Specific supplemental lifts such as deadlifts and floor presses from the power rack and box squats also help us to improve our technique when it comes to tackling the mass builders. Supplemental lifts enable us to become stronger on the big lifts from a technical standpoint while providing stability and the ability to absorb more force when hitting all multi joint movements. Include as wide a range of movements as possible, and try to get stronger on each. Occasionally perform ultra heavy lifts with smaller movements to test and build strength through different ranges of motion.

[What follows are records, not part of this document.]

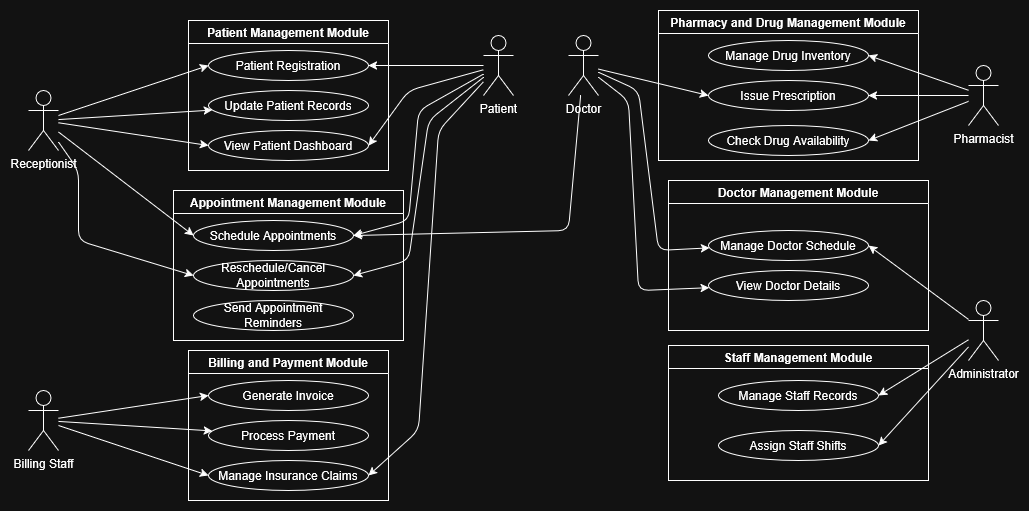

The diagram above was exported from draw.io. Its source (the exported page's mxGraphModel, read from the mxfile embedded in the PNG):
<mxGraphModel dx="1400" dy="755" grid="1" gridSize="10" guides="1" tooltips="1" connect="1" arrows="1" fold="1" page="1" pageScale="1" pageWidth="1100" pageHeight="1700" math="0" shadow="0">
  <root>
    <mxCell id="0" />
    <mxCell id="1" parent="0" />
    <mxCell id="JKo2Or40zsv7A4UQSAOW-5" value="Patient" style="shape=umlActor;verticalLabelPosition=bottom;verticalAlign=top;html=1;outline=0;" parent="1" vertex="1">
      <mxGeometry x="535" y="65" width="30" height="60" as="geometry" />
    </mxCell>
    <mxCell id="JKo2Or40zsv7A4UQSAOW-6" value="Doctor" style="shape=umlActor;verticalLabelPosition=bottom;verticalAlign=top;html=1;outline=0;" parent="1" vertex="1">
      <mxGeometry x="620" y="65" width="30" height="60" as="geometry" />
    </mxCell>
    <mxCell id="JKo2Or40zsv7A4UQSAOW-7" value="Receptionist" style="shape=umlActor;verticalLabelPosition=bottom;verticalAlign=top;html=1;outline=0;" parent="1" vertex="1">
      <mxGeometry x="80" y="120" width="30" height="60" as="geometry" />
    </mxCell>
    <mxCell id="JKo2Or40zsv7A4UQSAOW-8" value="Administrator" style="shape=umlActor;verticalLabelPosition=bottom;verticalAlign=top;html=1;outline=0;" parent="1" vertex="1">
      <mxGeometry x="1020" y="330" width="30" height="60" as="geometry" />
    </mxCell>
    <mxCell id="JKo2Or40zsv7A4UQSAOW-9" value="Billing Staff" style="shape=umlActor;verticalLabelPosition=bottom;verticalAlign=top;html=1;outline=0;" parent="1" vertex="1">
      <mxGeometry x="80" y="420" width="30" height="60" as="geometry" />
    </mxCell>
    <mxCell id="JKo2Or40zsv7A4UQSAOW-10" value="Pharmacist" style="shape=umlActor;verticalLabelPosition=bottom;verticalAlign=top;html=1;outline=0;" parent="1" vertex="1">
      <mxGeometry x="1020" y="95" width="30" height="60" as="geometry" />
    </mxCell>
    <mxCell id="JKo2Or40zsv7A4UQSAOW-11" value="Patient Management Module" style="swimlane;whiteSpace=wrap;html=1;" parent="1" vertex="1">
      <mxGeometry x="240" y="50" width="200" height="150" as="geometry" />
    </mxCell>
    <mxCell id="JKo2Or40zsv7A4UQSAOW-12" value="Patient Registration" style="ellipse;whiteSpace=wrap;html=1;" parent="JKo2Or40zsv7A4UQSAOW-11" vertex="1">
      <mxGeometry x="20" y="30" width="160" height="30" as="geometry" />
    </mxCell>
    <mxCell id="JKo2Or40zsv7A4UQSAOW-13" value="Update Patient Records" style="ellipse;whiteSpace=wrap;html=1;" parent="JKo2Or40zsv7A4UQSAOW-11" vertex="1">
      <mxGeometry x="20" y="70" width="160" height="30" as="geometry" />
    </mxCell>
    <mxCell id="JKo2Or40zsv7A4UQSAOW-14" value="View Patient Dashboard" style="ellipse;whiteSpace=wrap;html=1;" parent="JKo2Or40zsv7A4UQSAOW-11" vertex="1">
      <mxGeometry x="20" y="110" width="160" height="30" as="geometry" />
    </mxCell>
    <mxCell id="JKo2Or40zsv7A4UQSAOW-15" value="Appointment Management Module" style="swimlane;whiteSpace=wrap;html=1;" parent="1" vertex="1">
      <mxGeometry x="225" y="220" width="230" height="150" as="geometry">
        <mxRectangle x="240" y="220" width="220" height="30" as="alternateBounds" />
      </mxGeometry>
    </mxCell>
    <mxCell id="JKo2Or40zsv7A4UQSAOW-16" value="Schedule Appointments" style="ellipse;whiteSpace=wrap;html=1;" parent="JKo2Or40zsv7A4UQSAOW-15" vertex="1">
      <mxGeometry x="20" y="30" width="160" height="30" as="geometry" />
    </mxCell>
    <mxCell id="JKo2Or40zsv7A4UQSAOW-17" value="Reschedule/Cancel Appointments" style="ellipse;whiteSpace=wrap;html=1;" parent="JKo2Or40zsv7A4UQSAOW-15" vertex="1">
      <mxGeometry x="20" y="70" width="160" height="30" as="geometry" />
    </mxCell>
    <mxCell id="JKo2Or40zsv7A4UQSAOW-18" value="Send Appointment Reminders" style="ellipse;whiteSpace=wrap;html=1;" parent="JKo2Or40zsv7A4UQSAOW-15" vertex="1">
      <mxGeometry x="20" y="110" width="160" height="30" as="geometry" />
    </mxCell>
    <mxCell id="JKo2Or40zsv7A4UQSAOW-19" value="Doctor Management Module" style="swimlane;whiteSpace=wrap;html=1;" parent="1" vertex="1">
      <mxGeometry x="720" y="210" width="260" height="150" as="geometry" />
    </mxCell>
    <mxCell id="JKo2Or40zsv7A4UQSAOW-20" value="Manage Doctor Schedule" style="ellipse;whiteSpace=wrap;html=1;" parent="JKo2Or40zsv7A4UQSAOW-19" vertex="1">
      <mxGeometry x="40" y="50" width="160" height="30" as="geometry" />
    </mxCell>
    <mxCell id="JKo2Or40zsv7A4UQSAOW-21" value="View Doctor Details" style="ellipse;whiteSpace=wrap;html=1;" parent="JKo2Or40zsv7A4UQSAOW-19" vertex="1">
      <mxGeometry x="40" y="90" width="160" height="30" as="geometry" />
    </mxCell>
    <mxCell id="JKo2Or40zsv7A4UQSAOW-22" value="Billing and Payment Module" style="swimlane;whiteSpace=wrap;html=1;" parent="1" vertex="1">
      <mxGeometry x="240" y="380" width="200" height="150" as="geometry" />
    </mxCell>
    <mxCell id="JKo2Or40zsv7A4UQSAOW-23" value="Generate Invoice" style="ellipse;whiteSpace=wrap;html=1;" parent="JKo2Or40zsv7A4UQSAOW-22" vertex="1">
      <mxGeometry x="20" y="30" width="160" height="30" as="geometry" />
    </mxCell>
    <mxCell id="JKo2Or40zsv7A4UQSAOW-24" value="Process Payment" style="ellipse;whiteSpace=wrap;html=1;" parent="JKo2Or40zsv7A4UQSAOW-22" vertex="1">
      <mxGeometry x="20" y="70" width="160" height="30" as="geometry" />
    </mxCell>
    <mxCell id="JKo2Or40zsv7A4UQSAOW-25" value="Manage Insurance Claims" style="ellipse;whiteSpace=wrap;html=1;" parent="JKo2Or40zsv7A4UQSAOW-22" vertex="1">
      <mxGeometry x="20" y="110" width="160" height="30" as="geometry" />
    </mxCell>
    <mxCell id="JKo2Or40zsv7A4UQSAOW-26" value="Pharmacy and Drug Management Module" style="swimlane;whiteSpace=wrap;html=1;" parent="1" vertex="1">
      <mxGeometry x="710" y="40" width="260" height="150" as="geometry" />
    </mxCell>
    <mxCell id="JKo2Or40zsv7A4UQSAOW-27" value="Manage Drug Inventory" style="ellipse;whiteSpace=wrap;html=1;" parent="JKo2Or40zsv7A4UQSAOW-26" vertex="1">
      <mxGeometry x="50" y="30" width="160" height="30" as="geometry" />
    </mxCell>
    <mxCell id="JKo2Or40zsv7A4UQSAOW-28" value="Issue Prescription" style="ellipse;whiteSpace=wrap;html=1;" parent="JKo2Or40zsv7A4UQSAOW-26" vertex="1">
      <mxGeometry x="50" y="70" width="160" height="30" as="geometry" />
    </mxCell>
    <mxCell id="JKo2Or40zsv7A4UQSAOW-29" value="Check Drug Availability" style="ellipse;whiteSpace=wrap;html=1;" parent="JKo2Or40zsv7A4UQSAOW-26" vertex="1">
      <mxGeometry x="50" y="115" width="160" height="30" as="geometry" />
    </mxCell>
    <mxCell id="JKo2Or40zsv7A4UQSAOW-30" value="Staff Management Module" style="swimlane;whiteSpace=wrap;html=1;" parent="1" vertex="1">
      <mxGeometry x="720" y="375" width="260" height="135" as="geometry" />
    </mxCell>
    <mxCell id="JKo2Or40zsv7A4UQSAOW-31" value="Manage Staff Records" style="ellipse;whiteSpace=wrap;html=1;" parent="JKo2Or40zsv7A4UQSAOW-30" vertex="1">
      <mxGeometry x="50" y="35" width="160" height="30" as="geometry" />
    </mxCell>
    <mxCell id="JKo2Or40zsv7A4UQSAOW-32" value="Assign Staff Shifts" style="ellipse;whiteSpace=wrap;html=1;" parent="JKo2Or40zsv7A4UQSAOW-30" vertex="1">
      <mxGeometry x="50" y="85" width="160" height="30" as="geometry" />
    </mxCell>
    <mxCell id="JKo2Or40zsv7A4UQSAOW-40" parent="1" source="JKo2Or40zsv7A4UQSAOW-5" target="JKo2Or40zsv7A4UQSAOW-12" edge="1">
      <mxGeometry relative="1" as="geometry" />
    </mxCell>
    <mxCell id="JKo2Or40zsv7A4UQSAOW-41" style="entryX=1;entryY=0.5;entryDx=0;entryDy=0;" parent="1" source="JKo2Or40zsv7A4UQSAOW-5" target="JKo2Or40zsv7A4UQSAOW-16" edge="1">
      <mxGeometry relative="1" as="geometry">
        <Array as="points">
          <mxPoint x="470" y="140" />
          <mxPoint x="460" y="250" />
        </Array>
      </mxGeometry>
    </mxCell>
    <mxCell id="JKo2Or40zsv7A4UQSAOW-42" style="entryX=1;entryY=0.5;entryDx=0;entryDy=0;" parent="1" source="JKo2Or40zsv7A4UQSAOW-5" target="JKo2Or40zsv7A4UQSAOW-17" edge="1">
      <mxGeometry relative="1" as="geometry">
        <Array as="points">
          <mxPoint x="480" y="150" />
          <mxPoint x="460" y="290" />
        </Array>
      </mxGeometry>
    </mxCell>
    <mxCell id="JKo2Or40zsv7A4UQSAOW-43" style="entryX=1;entryY=0.5;entryDx=0;entryDy=0;" parent="1" source="JKo2Or40zsv7A4UQSAOW-5" target="JKo2Or40zsv7A4UQSAOW-14" edge="1">
      <mxGeometry relative="1" as="geometry">
        <Array as="points">
          <mxPoint x="460" y="120" />
        </Array>
      </mxGeometry>
    </mxCell>
    <mxCell id="JKo2Or40zsv7A4UQSAOW-44" style="entryX=1;entryY=0.5;entryDx=0;entryDy=0;" parent="1" source="JKo2Or40zsv7A4UQSAOW-5" target="JKo2Or40zsv7A4UQSAOW-25" edge="1">
      <mxGeometry relative="1" as="geometry">
        <mxPoint x="560.64" y="170" as="sourcePoint" />
        <mxPoint x="430.00269833762434" y="508.1104119443422" as="targetPoint" />
        <Array as="points">
          <mxPoint x="490" y="160" />
          <mxPoint x="470" y="460" />
        </Array>
      </mxGeometry>
    </mxCell>
    <mxCell id="JKo2Or40zsv7A4UQSAOW-45" parent="1" source="JKo2Or40zsv7A4UQSAOW-6" target="JKo2Or40zsv7A4UQSAOW-20" edge="1">
      <mxGeometry relative="1" as="geometry">
        <Array as="points">
          <mxPoint x="690" y="120" />
          <mxPoint x="710" y="280" />
        </Array>
      </mxGeometry>
    </mxCell>
    <mxCell id="JKo2Or40zsv7A4UQSAOW-46" style="entryX=0;entryY=0.5;entryDx=0;entryDy=0;" parent="1" source="JKo2Or40zsv7A4UQSAOW-6" target="JKo2Or40zsv7A4UQSAOW-28" edge="1">
      <mxGeometry relative="1" as="geometry" />
    </mxCell>
    <mxCell id="JKo2Or40zsv7A4UQSAOW-47" parent="1" source="JKo2Or40zsv7A4UQSAOW-6" target="JKo2Or40zsv7A4UQSAOW-21" edge="1">
      <mxGeometry relative="1" as="geometry">
        <Array as="points">
          <mxPoint x="680" y="130" />
          <mxPoint x="690" y="320" />
        </Array>
      </mxGeometry>
    </mxCell>
    <mxCell id="JKo2Or40zsv7A4UQSAOW-48" style="entryX=0;entryY=0.5;entryDx=0;entryDy=0;" parent="1" source="JKo2Or40zsv7A4UQSAOW-7" target="JKo2Or40zsv7A4UQSAOW-12" edge="1">
      <mxGeometry relative="1" as="geometry" />
    </mxCell>
    <mxCell id="JKo2Or40zsv7A4UQSAOW-49" parent="1" source="JKo2Or40zsv7A4UQSAOW-7" target="JKo2Or40zsv7A4UQSAOW-13" edge="1">
      <mxGeometry relative="1" as="geometry" />
    </mxCell>
    <mxCell id="JKo2Or40zsv7A4UQSAOW-50" style="entryX=0;entryY=0.5;entryDx=0;entryDy=0;" parent="1" source="JKo2Or40zsv7A4UQSAOW-7" target="JKo2Or40zsv7A4UQSAOW-16" edge="1">
      <mxGeometry relative="1" as="geometry" />
    </mxCell>
    <mxCell id="JKo2Or40zsv7A4UQSAOW-51" style="entryX=0;entryY=0.5;entryDx=0;entryDy=0;" parent="1" source="JKo2Or40zsv7A4UQSAOW-7" target="JKo2Or40zsv7A4UQSAOW-17" edge="1">
      <mxGeometry relative="1" as="geometry">
        <mxPoint x="80" y="160" as="sourcePoint" />
        <Array as="points">
          <mxPoint x="130" y="200" />
          <mxPoint x="130" y="270" />
        </Array>
      </mxGeometry>
    </mxCell>
    <mxCell id="JKo2Or40zsv7A4UQSAOW-52" style="entryX=1;entryY=0.5;entryDx=0;entryDy=0;" parent="1" source="JKo2Or40zsv7A4UQSAOW-8" target="JKo2Or40zsv7A4UQSAOW-20" edge="1">
      <mxGeometry relative="1" as="geometry" />
    </mxCell>
    <mxCell id="JKo2Or40zsv7A4UQSAOW-53" style="entryX=1;entryY=0.5;entryDx=0;entryDy=0;" parent="1" source="JKo2Or40zsv7A4UQSAOW-8" target="JKo2Or40zsv7A4UQSAOW-31" edge="1">
      <mxGeometry relative="1" as="geometry" />
    </mxCell>
    <mxCell id="JKo2Or40zsv7A4UQSAOW-54" style="entryX=1;entryY=0.5;entryDx=0;entryDy=0;" parent="1" source="JKo2Or40zsv7A4UQSAOW-8" target="JKo2Or40zsv7A4UQSAOW-32" edge="1">
      <mxGeometry relative="1" as="geometry" />
    </mxCell>
    <mxCell id="JKo2Or40zsv7A4UQSAOW-58" style="entryX=0;entryY=0.5;entryDx=0;entryDy=0;" parent="1" source="JKo2Or40zsv7A4UQSAOW-9" target="JKo2Or40zsv7A4UQSAOW-23" edge="1">
      <mxGeometry relative="1" as="geometry" />
    </mxCell>
    <mxCell id="JKo2Or40zsv7A4UQSAOW-59" parent="1" source="JKo2Or40zsv7A4UQSAOW-9" target="JKo2Or40zsv7A4UQSAOW-24" edge="1">
      <mxGeometry relative="1" as="geometry" />
    </mxCell>
    <mxCell id="JKo2Or40zsv7A4UQSAOW-60" style="entryX=0;entryY=0.5;entryDx=0;entryDy=0;" parent="1" source="JKo2Or40zsv7A4UQSAOW-9" target="JKo2Or40zsv7A4UQSAOW-25" edge="1">
      <mxGeometry relative="1" as="geometry" />
    </mxCell>
    <mxCell id="JKo2Or40zsv7A4UQSAOW-61" style="entryX=1;entryY=0.5;entryDx=0;entryDy=0;" parent="1" source="JKo2Or40zsv7A4UQSAOW-10" target="JKo2Or40zsv7A4UQSAOW-27" edge="1">
      <mxGeometry relative="1" as="geometry" />
    </mxCell>
    <mxCell id="JKo2Or40zsv7A4UQSAOW-62" style="entryX=1;entryY=0.5;entryDx=0;entryDy=0;" parent="1" source="JKo2Or40zsv7A4UQSAOW-10" target="JKo2Or40zsv7A4UQSAOW-28" edge="1">
      <mxGeometry relative="1" as="geometry" />
    </mxCell>
    <mxCell id="JKo2Or40zsv7A4UQSAOW-63" style="entryX=1;entryY=0.5;entryDx=0;entryDy=0;" parent="1" source="JKo2Or40zsv7A4UQSAOW-10" target="JKo2Or40zsv7A4UQSAOW-29" edge="1">
      <mxGeometry relative="1" as="geometry" />
    </mxCell>
    <mxCell id="JKo2Or40zsv7A4UQSAOW-64" style="entryX=0;entryY=0.5;entryDx=0;entryDy=0;" parent="1" source="JKo2Or40zsv7A4UQSAOW-7" target="JKo2Or40zsv7A4UQSAOW-14" edge="1">
      <mxGeometry relative="1" as="geometry" />
    </mxCell>
    <mxCell id="JKo2Or40zsv7A4UQSAOW-65" style="entryX=1;entryY=0.5;entryDx=0;entryDy=0;" parent="1" source="JKo2Or40zsv7A4UQSAOW-6" target="JKo2Or40zsv7A4UQSAOW-16" edge="1">
      <mxGeometry relative="1" as="geometry">
        <Array as="points">
          <mxPoint x="620" y="260" />
        </Array>
      </mxGeometry>
    </mxCell>
  </root>
</mxGraphModel>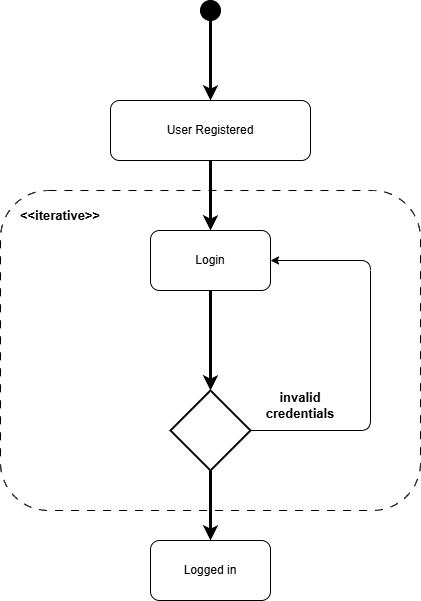

The diagram above was exported from draw.io. Its source (the exported page's mxGraphModel, read from the mxfile embedded in the PNG):
<mxGraphModel dx="1230" dy="478" grid="1" gridSize="10" guides="1" tooltips="1" connect="1" arrows="1" fold="1" page="1" pageScale="1" pageWidth="850" pageHeight="1100" math="0" shadow="0">
  <root>
    <mxCell id="0" />
    <mxCell id="1" parent="0" />
    <mxCell id="2" value="User Registered" style="rounded=1;whiteSpace=wrap;html=1;" parent="1" vertex="1">
      <mxGeometry x="-100" y="160" width="200" height="60" as="geometry" />
    </mxCell>
    <mxCell id="3" value="" style="ellipse;whiteSpace=wrap;html=1;aspect=fixed;fillColor=#000000;" parent="1" vertex="1">
      <mxGeometry x="-10" y="60" width="20" height="20" as="geometry" />
    </mxCell>
    <mxCell id="4" value="" style="endArrow=classic;html=1;exitX=0.5;exitY=1;exitDx=0;exitDy=0;strokeWidth=3;" parent="1" source="3" target="2" edge="1">
      <mxGeometry width="50" height="50" relative="1" as="geometry">
        <mxPoint x="-10" y="270" as="sourcePoint" />
        <mxPoint x="70" y="260" as="targetPoint" />
      </mxGeometry>
    </mxCell>
    <mxCell id="6" value="" style="endArrow=classic;html=1;exitX=0.5;exitY=1;exitDx=0;exitDy=0;entryX=0.5;entryY=0;entryDx=0;entryDy=0;strokeWidth=3;" parent="1" source="2" edge="1">
      <mxGeometry width="50" height="50" relative="1" as="geometry">
        <mxPoint x="-10" y="270" as="sourcePoint" />
        <mxPoint x="-2.2737367544323206e-13" y="289.9999999999999" as="targetPoint" />
      </mxGeometry>
    </mxCell>
    <mxCell id="10" value="Login" style="rounded=1;whiteSpace=wrap;html=1;" parent="1" vertex="1">
      <mxGeometry x="-60" y="290" width="120" height="60" as="geometry" />
    </mxCell>
    <mxCell id="11" value="" style="rhombus;whiteSpace=wrap;html=1;strokeWidth=2;" parent="1" vertex="1">
      <mxGeometry x="-40" y="450" width="80" height="80" as="geometry" />
    </mxCell>
    <mxCell id="12" value="Logged in" style="rounded=1;whiteSpace=wrap;html=1;" parent="1" vertex="1">
      <mxGeometry x="-60" y="600" width="120" height="60" as="geometry" />
    </mxCell>
    <mxCell id="13" value="" style="endArrow=classic;html=1;exitX=0.5;exitY=1;exitDx=0;exitDy=0;strokeWidth=3;" parent="1" source="10" edge="1">
      <mxGeometry width="50" height="50" relative="1" as="geometry">
        <mxPoint x="-40" y="400" as="sourcePoint" />
        <mxPoint y="450" as="targetPoint" />
      </mxGeometry>
    </mxCell>
    <mxCell id="14" value="" style="endArrow=classic;html=1;exitX=0.5;exitY=1;exitDx=0;exitDy=0;entryX=0.5;entryY=0;entryDx=0;entryDy=0;strokeWidth=3;" parent="1" source="11" target="12" edge="1">
      <mxGeometry width="50" height="50" relative="1" as="geometry">
        <mxPoint x="-40" y="400" as="sourcePoint" />
        <mxPoint x="80" y="590" as="targetPoint" />
      </mxGeometry>
    </mxCell>
    <mxCell id="15" value="" style="rounded=1;whiteSpace=wrap;html=1;fillColor=none;dashed=1;dashPattern=8 8;movable=0;resizable=0;rotatable=0;deletable=0;editable=0;locked=1;connectable=0;" parent="1" vertex="1">
      <mxGeometry x="-210" y="250" width="420" height="320" as="geometry" />
    </mxCell>
    <mxCell id="18" value="" style="endArrow=classic;html=1;" parent="1" edge="1">
      <mxGeometry width="50" height="50" relative="1" as="geometry">
        <mxPoint x="40" y="490" as="sourcePoint" />
        <mxPoint x="60" y="320" as="targetPoint" />
        <Array as="points">
          <mxPoint x="160" y="490" />
          <mxPoint x="160" y="320" />
        </Array>
      </mxGeometry>
    </mxCell>
    <mxCell id="19" value="&lt;font style=&quot;font-size: 13px;&quot;&gt;&lt;b&gt;invalid credentials&lt;/b&gt;&lt;/font&gt;" style="text;html=1;align=center;verticalAlign=middle;whiteSpace=wrap;rounded=0;strokeWidth=2;" parent="1" vertex="1">
      <mxGeometry x="60" y="450" width="60" height="30" as="geometry" />
    </mxCell>
    <mxCell id="20" value="&lt;b&gt;&lt;font style=&quot;font-size: 13px;&quot;&gt;&amp;lt;&amp;lt;iterative&amp;gt;&amp;gt;&lt;/font&gt;&lt;/b&gt;" style="text;html=1;align=center;verticalAlign=middle;whiteSpace=wrap;rounded=0;" parent="1" vertex="1">
      <mxGeometry x="-180" y="260" width="60" height="30" as="geometry" />
    </mxCell>
  </root>
</mxGraphModel>

Strength tip 2: prioritize the big three

A key strength-building tenet states that to get big we must both prioritize the major mass building movements and, as a first requirement, become technically adept with each. For mass building and strength gaining no three movements will ever take the place of the squat, deadlift and bench press, each of which, when perfectly executed, enable a pure expression of strength:

to be considered strong we must be able to complete at least one rep with double our bodyweight on both the squat and deadlift and 1.5 times our bodyweight on the bench press.

 

While it is advised to routinely mix and match most resistance training movements (to force a continual state of adaptation), the squat, deadlift and bench are to be included in each of their respective workouts (legs, back, and chest). Becoming stronger on these three movements allow us to become stronger overall due to 1) their systemic nature (they work multiple muscle groups to optimize growth through the whole body) and 2) the greater testosterone and growth hormone levels that are released when they are completed with heavy weights in the 6 to 8 rep range.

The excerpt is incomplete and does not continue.